• _WHAT IS EXPECTED_:
Identify all lines in the data containing the string "layers". Copy them out.
=== DATA FOR THIS EXERCISE ===
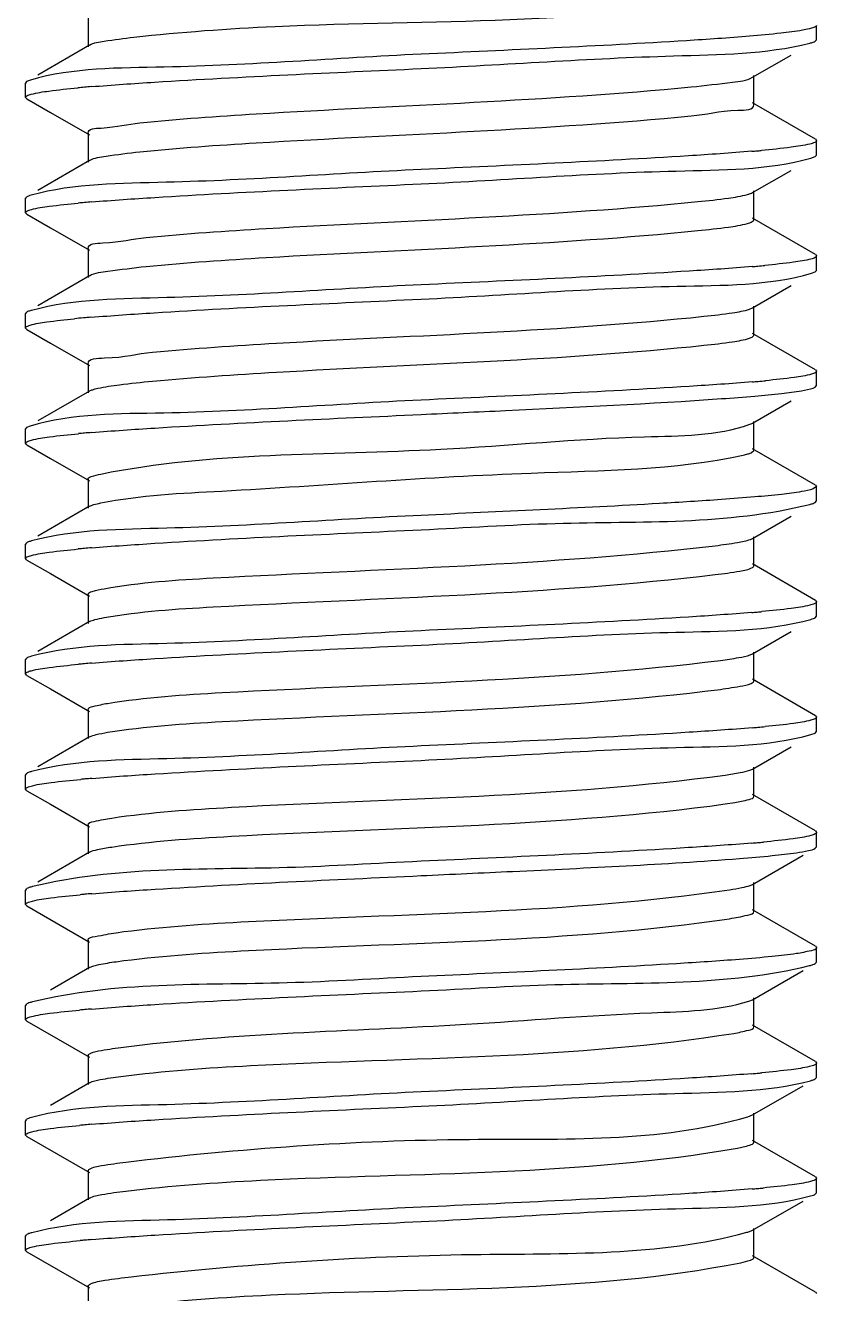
# Model space of a CAD drawing. Extents: x 1247970 to 1725648, y 860327 to 1277876.
# Drawn here: x 1318365.7 to 1318426.8, y 1199598 to 1199696 of the extents above; entities that cross this region are included whole.
import ezdxf

# ---------------------------------------------------------------- set-up
doc = ezdxf.new("R2010")
doc.units = 0
doc.header["$LTSCALE"] = 1000
doc.header["$MEASUREMENT"] = 0
doc.layers.get('0').update_dxf_attribs({"color": 254})
doc.layers.add('TK', color=4, linetype='Continuous')

# ---------------------------------------------------------------- blocks, each defined once
blk = doc.blocks.new('A$C7BF01818')
at = {"linetype": 'Continuous'}
for p, q in [((-2293.17, 6207.101), (-2293.17, 6204.861)), ((-2237.036, 6206.402), (-2237.13, 6206.359)), ((-2236.921, 6205.412), (-2236.921, 6206.523)), ((-2293.053, 6204.996), (-2297.045, 6202.683)), ((-2237.022, 6205.297), (-2236.921, 6205.411)), ((-2241.876, 6202.511), (-2238.878, 6204.231)), ((-2297.907, 6202.183), (-2298.005, 6202.069)), ((-2298.005, 6200.958), (-2298.005, 6202.069)), ((-2297.621, 6202.294), (-2297.907, 6202.183)), ((-2241.757, 6200.407), (-2241.757, 6202.647)), ((-2297.905, 6200.843), (-2298.005, 6200.958)), ((-2297.905, 6200.843), (-2296.078, 6199.794)), ((-2296.078, 6199.794), (-2293.051, 6198.056)), ((-2237.02, 6197.729), (-2241.874, 6200.542)), ((-2293.17, 6198.193), (-2293.17, 6195.953)), ((-2237.02, 6197.729), (-2236.921, 6197.615)), ((-2236.921, 6196.504), (-2236.921, 6197.615)), ((-2293.053, 6196.088), (-2297.045, 6193.775)), ((-2237.355, 6196.265), (-2237.022, 6196.389)), ((-2237.022, 6196.389), (-2236.921, 6196.504)), ((-2241.876, 6193.602), (-2238.878, 6195.323)), ((-2297.907, 6193.275), (-2298.005, 6193.161)), ((-2298.005, 6192.05), (-2298.005, 6193.161)), ((-2241.757, 6191.499), (-2241.757, 6193.739)), ((-2297.905, 6191.935), (-2298.005, 6192.05)), ((-2297.905, 6191.935), (-2296.078, 6190.886)), ((-2237.02, 6188.821), (-2241.874, 6191.634)), ((-2296.078, 6190.886), (-2293.051, 6189.148)), ((-2293.17, 6189.285), (-2293.17, 6187.045)), ((-2237.02, 6188.821), (-2236.921, 6188.707)), ((-2236.921, 6187.596), (-2236.921, 6188.707)), ((-2293.053, 6187.18), (-2297.045, 6184.866)), ((-2237.319, 6187.367), (-2237.022, 6187.481)), ((-2237.022, 6187.481), (-2236.921, 6187.596)), ((-2241.876, 6184.694), (-2238.878, 6186.415)), ((-2297.907, 6184.367), (-2298.005, 6184.253)), ((-2298.005, 6183.142), (-2298.005, 6184.253)), ((-2242.105, 6184.597), (-2241.877, 6184.694)), ((-2241.757, 6182.591), (-2241.757, 6184.831)), ((-2297.905, 6183.027), (-2298.005, 6183.141)), ((-2297.905, 6183.027), (-2296.078, 6181.978)), ((-2237.02, 6179.913), (-2241.874, 6182.726)), ((-2296.078, 6181.978), (-2293.051, 6180.24)), ((-2293.17, 6180.377), (-2293.17, 6178.137)), ((-2237.02, 6179.913), (-2236.921, 6179.8)), ((-2236.921, 6178.688), (-2236.921, 6179.799)), ((-2293.053, 6178.272), (-2297.045, 6175.958)), ((-2237.182, 6178.502), (-2237.022, 6178.573)), ((-2237.022, 6178.573), (-2236.921, 6178.688)), ((-2241.876, 6175.786), (-2238.878, 6177.507)), ((-2297.907, 6175.459), (-2298.005, 6175.345)), ((-2298.005, 6174.234), (-2298.005, 6175.345)), ((-2297.635, 6175.566), (-2297.907, 6175.459)), ((-2242.075, 6175.699), (-2241.976, 6175.737)), ((-2241.976, 6175.737), (-2241.876, 6175.786)), ((-2241.757, 6173.683), (-2241.757, 6175.923)), ((-2297.905, 6174.119), (-2298.005, 6174.234)), ((-2297.905, 6174.119), (-2296.078, 6173.07)), ((-2241.976, 6173.498), (-2241.757, 6173.683)), ((-2237.02, 6171.005), (-2241.874, 6173.818)), ((-2296.078, 6173.07), (-2293.051, 6171.332)), ((-2293.17, 6171.469), (-2293.17, 6169.229)), ((-2236.921, 6170.892), (-2237.182, 6170.706)), ((-2237.02, 6171.005), (-2236.921, 6170.892)), ((-2236.921, 6169.78), (-2236.921, 6170.891)), ((-2237.022, 6169.665), (-2236.921, 6169.779)), ((-2293.053, 6169.364), (-2297.045, 6167.05)), ((-2241.876, 6166.878), (-2238.878, 6168.599)), ((-2297.907, 6166.551), (-2298.005, 6166.437)), ((-2242.027, 6166.809), (-2241.876, 6166.878)), ((-2241.757, 6164.775), (-2241.757, 6167.015)), ((-2298.005, 6165.325), (-2298.005, 6166.437)), ((-2297.905, 6165.211), (-2298.005, 6165.325)), ((-2297.905, 6165.211), (-2296.078, 6164.162)), ((-2237.02, 6162.097), (-2241.874, 6164.91)), ((-2296.078, 6164.162), (-2293.051, 6162.424)), ((-2293.17, 6162.56), (-2293.17, 6160.321)), ((-2237.02, 6162.097), (-2236.921, 6161.982)), ((-2236.921, 6160.871), (-2236.921, 6161.983)), ((-2237.022, 6160.757), (-2236.921, 6160.871)), ((-2293.053, 6160.456), (-2297.045, 6158.142)), ((-2241.876, 6157.97), (-2238.878, 6159.691)), ((-2297.907, 6157.643), (-2298.005, 6157.529)), ((-2242.05, 6157.893), (-2241.876, 6157.97)), ((-2241.757, 6155.867), (-2241.757, 6158.106)), ((-2298.005, 6156.417), (-2298.005, 6157.529)), ((-2297.905, 6156.303), (-2298.005, 6156.417)), ((-2297.905, 6156.303), (-2296.078, 6155.254)), ((-2237.02, 6153.188), (-2241.874, 6156.002)), ((-2241.807, 6155.778), (-2241.768, 6155.826)), ((-2241.768, 6155.826), (-2241.758, 6155.867)), ((-2296.078, 6155.254), (-2293.051, 6153.516)), ((-2293.17, 6153.652), (-2293.17, 6151.413)), ((-2237.02, 6153.188), (-2236.921, 6153.075)), ((-2236.921, 6151.963), (-2236.921, 6153.075)), ((-2237.358, 6151.723), (-2237.022, 6151.848)), ((-2237.022, 6151.848), (-2236.921, 6151.964)), ((-2293.053, 6151.548), (-2297.045, 6149.234)), ((-2241.876, 6149.062), (-2238.878, 6150.783)), ((-2242.079, 6148.974), (-2241.877, 6149.062)), ((-2241.757, 6146.959), (-2241.757, 6149.198)), ((-2297.907, 6148.734), (-2298.005, 6148.621)), ((-2298.005, 6147.509), (-2298.005, 6148.621)), ((-2297.905, 6147.394), (-2298.005, 6147.51)), ((-2297.905, 6147.394), (-2296.078, 6146.346)), ((-2237.02, 6144.28), (-2241.874, 6147.094)), ((-2296.078, 6146.346), (-2293.051, 6144.608)), ((-2243.981, 6146.365), (-2243.245, 6146.474)), ((-2293.17, 6144.744), (-2293.17, 6142.505)), ((-2237.02, 6144.28), (-2236.921, 6144.167)), ((-2236.921, 6143.055), (-2236.921, 6144.167)), ((-2237.022, 6142.94), (-2236.921, 6143.055)), ((-2293.053, 6142.64), (-2297.045, 6140.326)), ((-2241.876, 6140.154), (-2237.957, 6142.404)), ((-2242.061, 6140.073), (-2241.878, 6140.154)), ((-2241.758, 6138.059), (-2241.758, 6140.298)), ((-2297.907, 6139.826), (-2298.005, 6139.713)), ((-2298.005, 6138.601), (-2298.005, 6139.713)), ((-2297.905, 6138.486), (-2298.005, 6138.602)), ((-2297.905, 6138.486), (-2293.051, 6135.7)), ((-2237.02, 6135.372), (-2241.874, 6138.186)), ((-2293.17, 6135.836), (-2293.17, 6133.596)), ((-2237.02, 6135.372), (-2236.922, 6135.267)), ((-2236.922, 6135.267), (-2236.921, 6135.258)), ((-2236.921, 6134.147), (-2236.921, 6135.259)), ((-2237.022, 6134.032), (-2236.921, 6134.147)), ((-2293.053, 6133.732), (-2296.061, 6131.988)), ((-2241.876, 6131.246), (-2237.957, 6133.496)), ((-2242.16, 6131.131), (-2241.877, 6131.246)), ((-2241.757, 6129.142), (-2241.757, 6131.382)), ((-2297.907, 6130.918), (-2298.005, 6130.805)), ((-2298.005, 6129.693), (-2298.005, 6130.804)), ((-2297.905, 6129.578), (-2298.005, 6129.693)), ((-2297.905, 6129.578), (-2293.051, 6126.792)), ((-2237.02, 6126.464), (-2241.874, 6129.277)), ((-2293.17, 6126.928), (-2293.17, 6124.688)), ((-2293.169, 6126.928), (-2293.128, 6127.009)), ((-2237.02, 6126.464), (-2236.921, 6126.35)), ((-2236.921, 6125.239), (-2236.921, 6126.35)), ((-2293.053, 6124.823), (-2296.061, 6123.08)), ((-2241.876, 6122.338), (-2237.957, 6124.588)), ((-2237.022, 6125.124), (-2236.921, 6125.239)), ((-2241.757, 6120.234), (-2241.757, 6122.474)), ((-2297.907, 6122.01), (-2298.005, 6121.896)), ((-2298.005, 6120.785), (-2298.005, 6121.896)), ((-2242.22, 6122.205), (-2241.878, 6122.338)), ((-2297.905, 6120.67), (-2298.005, 6120.785)), ((-2297.905, 6120.67), (-2293.051, 6117.884)), ((-2237.02, 6117.556), (-2241.874, 6120.369)), ((-2293.17, 6118.02), (-2293.17, 6115.78)), ((-2237.02, 6117.556), (-2236.921, 6117.442)), ((-2236.921, 6116.331), (-2236.921, 6117.442)), ((-2293.053, 6115.915), (-2296.061, 6114.172)), ((-2241.876, 6113.43), (-2237.957, 6115.68)), ((-2237.022, 6116.216), (-2236.921, 6116.331)), ((-2241.757, 6111.326), (-2241.757, 6113.566)), ((-2297.907, 6113.102), (-2298.005, 6112.988)), ((-2298.005, 6111.877), (-2298.005, 6112.988)), ((-2297.905, 6111.762), (-2298.005, 6111.878)), ((-2297.905, 6111.762), (-2293.051, 6108.976)), ((-2237.02, 6108.648), (-2241.874, 6111.461)), ((-2293.17, 6109.112), (-2293.17, 6106.872)), ((-2237.02, 6108.648), (-2236.921, 6108.534))]:
    blk.add_line(p, q, dxfattribs=at)
for centre, radius, start, end in [((-2284.417, 6099.366), 102.774, 95.04452, 95.33097), ((-2282.582, 6078.594), 123.626, 94.79117, 95.04504), ((-2252.256, 6318.965), 122.609, 274.83102, 275.02398), ((-2250.969, 6304.306), 107.894, 275.0245, 275.20034), ((-2284.326, 6089.45), 103.786, 95.04049, 95.30428), ((-2282.562, 6069.448), 123.865, 94.7894, 95.04044), ((-2252.101, 6308.267), 120.812, 274.84966, 275.05308), ((-2250.411, 6289.208), 101.678, 275.05046, 275.35878), ((-2284.939, 6087.27), 97.03, 95.06745, 95.49111), ((-2282.718, 6062.35), 122.049, 94.806, 95.07252), ((-2252.06, 6298.894), 120.346, 274.85477, 275.05993), ((-2250.288, 6278.951), 100.324, 275.05634, 275.39494), ((-2284.29, 6071.231), 104.191, 95.03882, 95.29347), ((-2282.554, 6051.543), 123.955, 94.78861, 95.03856), ((-2284.336, 6062.839), 103.672, 95.04094, 95.30709), ((-2282.565, 6042.762), 123.827, 94.78977, 95.04096), ((-2252.231, 6283.043), 122.318, 274.83429, 275.02856), ((-2250.88, 6267.684), 106.9, 275.02871, 275.22471), ((-2284.307, 6053.611), 103.993, 95.03964, 95.29863), ((-2282.559, 6033.78), 123.901, 94.78915, 95.03949), ((-2252.088, 6272.494), 120.671, 274.85098, 275.05624), ((-2250.347, 6252.877), 100.977, 275.0531, 275.37861), ((-2283.951, 6040.738), 107.975, 95.02262, 95.19949), ((-2282.459, 6023.712), 125.066, 94.778, 95.02077), ((-2252.203, 6264.895), 121.985, 274.83063, 275.04136), ((-2250.635, 6247.141), 104.163, 275.04058, 275.29215), ((-2284.025, 6032.654), 107.147, 95.02619, 95.21982), ((-2282.479, 6015.031), 124.838, 94.78025, 95.02463), ((-2284.115, 6024.759), 106.13, 95.03072, 95.24399), ((-2282.509, 6006.485), 124.474, 94.78363, 95.02955), ((-2252.237, 6247.481), 122.389, 274.83356, 275.02725), ((-2250.904, 6232.322), 107.171, 275.0275, 275.21789), ((-2284.147, 6016.202), 105.777, 95.0321, 95.25321), ((-2282.515, 5997.635), 124.416, 94.78412, 95.03107), ((-2252.176, 6237.874), 121.688, 274.8408, 275.03792), ((-2250.702, 6221.17), 104.918, 275.0372, 275.27343), ((-2284.045, 6006.153), 106.923, 95.02716, 95.22543), ((-2282.484, 5988.366), 124.778, 94.78085, 95.02568)]:
    blk.add_arc(centre, radius, start, end, dxfattribs=at)
for points, knots in [([(-2289.628, 6205.614), (-2286.006, 6206.009), (-2270.367, 6207.162), (-2254.463, 6206.471), (-2242.668, 6208.937)], [0, 0, 0, 0, 0.232131, 1, 1, 1, 1]), ([(-2242.093, 6205.686), (-2243.72, 6205.55), (-2252.171, 6204.982), (-2260.633, 6204.613), (-2267.463, 6204.296)], [0, 0, 0, 0, 0.192706, 1, 1, 1, 1]), ([(-2238.004, 6206.145), (-2238.561, 6206.047), (-2239.924, 6205.879), (-2241.289, 6205.753), (-2242.093, 6205.686)], [0, 0, 0, 0, 0.412237, 1, 1, 1, 1]), ([(-2237.13, 6206.359), (-2237.244, 6206.313), (-2237.535, 6206.233), (-2237.829, 6206.175), (-2238.004, 6206.145)], [0, 0, 0, 0, 0.408666, 1, 1, 1, 1]), ([(-2236.924, 6206.523), (-2236.924, 6206.501), (-2236.957, 6206.448), (-2237.005, 6206.419), (-2237.036, 6206.402)], [0, 0, 0, 0, 0.393709, 1, 1, 1, 1]), ([(-2293.053, 6204.996), (-2292.714, 6205.194), (-2291.524, 6205.357), (-2290.393, 6205.531), (-2289.628, 6205.614)], [0, 0, 0, 0, 0.337396, 1, 1, 1, 1]), ([(-2267.463, 6203.185), (-2260.963, 6203.487), (-2251.012, 6204.236), (-2240.863, 6204.29), (-2237.448, 6205.148)], [0, 0, 0, 0, 0.648905, 1, 1, 1, 1]), ([(-2237.448, 6205.148), (-2237.362, 6205.17), (-2237.217, 6205.21), (-2237.077, 6205.266), (-2237.023, 6205.297)], [0, 0, 0, 0, 0.587148, 1, 1, 1, 1]), ([(-2267.463, 6204.296), (-2274.071, 6203.99), (-2284.037, 6203.137), (-2294.299, 6203.27), (-2297.621, 6202.294)], [0, 0, 0, 0, 0.656364, 1, 1, 1, 1]), ([(-2292.908, 6201.789), (-2291.282, 6201.925), (-2282.806, 6202.498), (-2274.319, 6202.867), (-2267.463, 6203.185)], [0, 0, 0, 0, 0.192107, 1, 1, 1, 1]), ([(-2289.171, 6198.994), (-2286.18, 6199.302), (-2271.986, 6200.266), (-2257.76, 6200.708), (-2246.594, 6201.763)], [0, 0, 0, 0, 0.21143, 1, 1, 1, 1]), ([(-2246.594, 6201.763), (-2245.528, 6201.864), (-2243.981, 6202.089), (-2242.331, 6202.249), (-2241.877, 6202.511)], [0, 0, 0, 0, 0.671293, 1, 1, 1, 1]), ([(-2298.004, 6200.958), (-2298.004, 6201.013), (-2297.823, 6201.13), (-2297.672, 6201.17), (-2297.557, 6201.201)], [0, 0, 0, 0, 0.316424, 1, 1, 1, 1]), ([(-2297.557, 6201.201), (-2297.112, 6201.322), (-2295.911, 6201.496), (-2294.71, 6201.626), (-2293.966, 6201.695)], [0, 0, 0, 0, 0.381465, 1, 1, 1, 1]), ([(-2246.594, 6199.523), (-2245.391, 6199.637), (-2244.267, 6200.02), (-2241.761, 6199.969), (-2241.759, 6200.407)], [0, 0, 0, 0, 0.73381, 1, 1, 1, 1]), ([(-2293.168, 6198.193), (-2293.169, 6198.558), (-2291.111, 6198.588), (-2290.167, 6198.892), (-2289.171, 6198.994)], [0, 0, 0, 0, 0.267128, 1, 1, 1, 1]), ([(-2289.171, 6196.755), (-2286.18, 6197.063), (-2271.986, 6198.026), (-2257.76, 6198.468), (-2246.594, 6199.523)], [0, 0, 0, 0, 0.21143, 1, 1, 1, 1]), ([(-2237.448, 6197.352), (-2237.919, 6197.233), (-2239.17, 6197.057), (-2240.42, 6196.927), (-2241.189, 6196.857)], [0, 0, 0, 0, 0.386326, 1, 1, 1, 1]), ([(-2236.923, 6197.615), (-2236.924, 6197.553), (-2237.143, 6197.428), (-2237.314, 6197.385), (-2237.448, 6197.352)], [0, 0, 0, 0, 0.310029, 1, 1, 1, 1]), ([(-2293.052, 6196.088), (-2292.673, 6196.309), (-2291.32, 6196.472), (-2290.043, 6196.665), (-2289.171, 6196.755)], [0, 0, 0, 0, 0.333586, 1, 1, 1, 1]), ([(-2241.931, 6196.792), (-2243.557, 6196.654), (-2252.062, 6196.077), (-2260.579, 6195.708), (-2267.463, 6195.388)], [0, 0, 0, 0, 0.191461, 1, 1, 1, 1]), ([(-2267.463, 6194.277), (-2260.895, 6194.582), (-2250.932, 6195.392), (-2240.714, 6195.336), (-2237.355, 6196.265)], [0, 0, 0, 0, 0.653624, 1, 1, 1, 1]), ([(-2267.463, 6195.388), (-2274.02, 6195.084), (-2283.982, 6194.285), (-2294.188, 6194.32), (-2297.557, 6193.404)], [0, 0, 0, 0, 0.652805, 1, 1, 1, 1]), ([(-2292.904, 6192.881), (-2291.278, 6193.017), (-2282.803, 6193.59), (-2274.317, 6193.959), (-2267.463, 6194.277)], [0, 0, 0, 0, 0.192163, 1, 1, 1, 1]), ([(-2297.557, 6193.404), (-2297.626, 6193.386), (-2297.746, 6193.35), (-2297.861, 6193.301), (-2297.906, 6193.275)], [0, 0, 0, 0, 0.579522, 1, 1, 1, 1]), ([(-2246.095, 6192.903), (-2245.305, 6192.982), (-2244.024, 6193.128), (-2242.743, 6193.323), (-2242.264, 6193.457)], [0, 0, 0, 0, 0.614841, 1, 1, 1, 1]), ([(-2242.264, 6193.457), (-2242.187, 6193.478), (-2242.055, 6193.519), (-2241.928, 6193.573), (-2241.877, 6193.602)], [0, 0, 0, 0, 0.575919, 1, 1, 1, 1]), ([(-2298.004, 6192.05), (-2298.004, 6192.107), (-2297.813, 6192.226), (-2297.657, 6192.267), (-2297.537, 6192.298)], [0, 0, 0, 0, 0.314525, 1, 1, 1, 1]), ([(-2297.537, 6192.298), (-2297.086, 6192.418), (-2295.877, 6192.592), (-2294.669, 6192.722), (-2293.921, 6192.791)], [0, 0, 0, 0, 0.382917, 1, 1, 1, 1]), ([(-2288.689, 6190.134), (-2285.601, 6190.436), (-2271.403, 6191.39), (-2257.166, 6191.805), (-2246.095, 6192.903)], [0, 0, 0, 0, 0.218047, 1, 1, 1, 1]), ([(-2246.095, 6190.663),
===
• _SOLUTION TO THIS TASK_:
doc.layers.get('0').update_dxf_attribs({"color": 254})
doc.layers.add('TK', color=4, linetype='Continuous')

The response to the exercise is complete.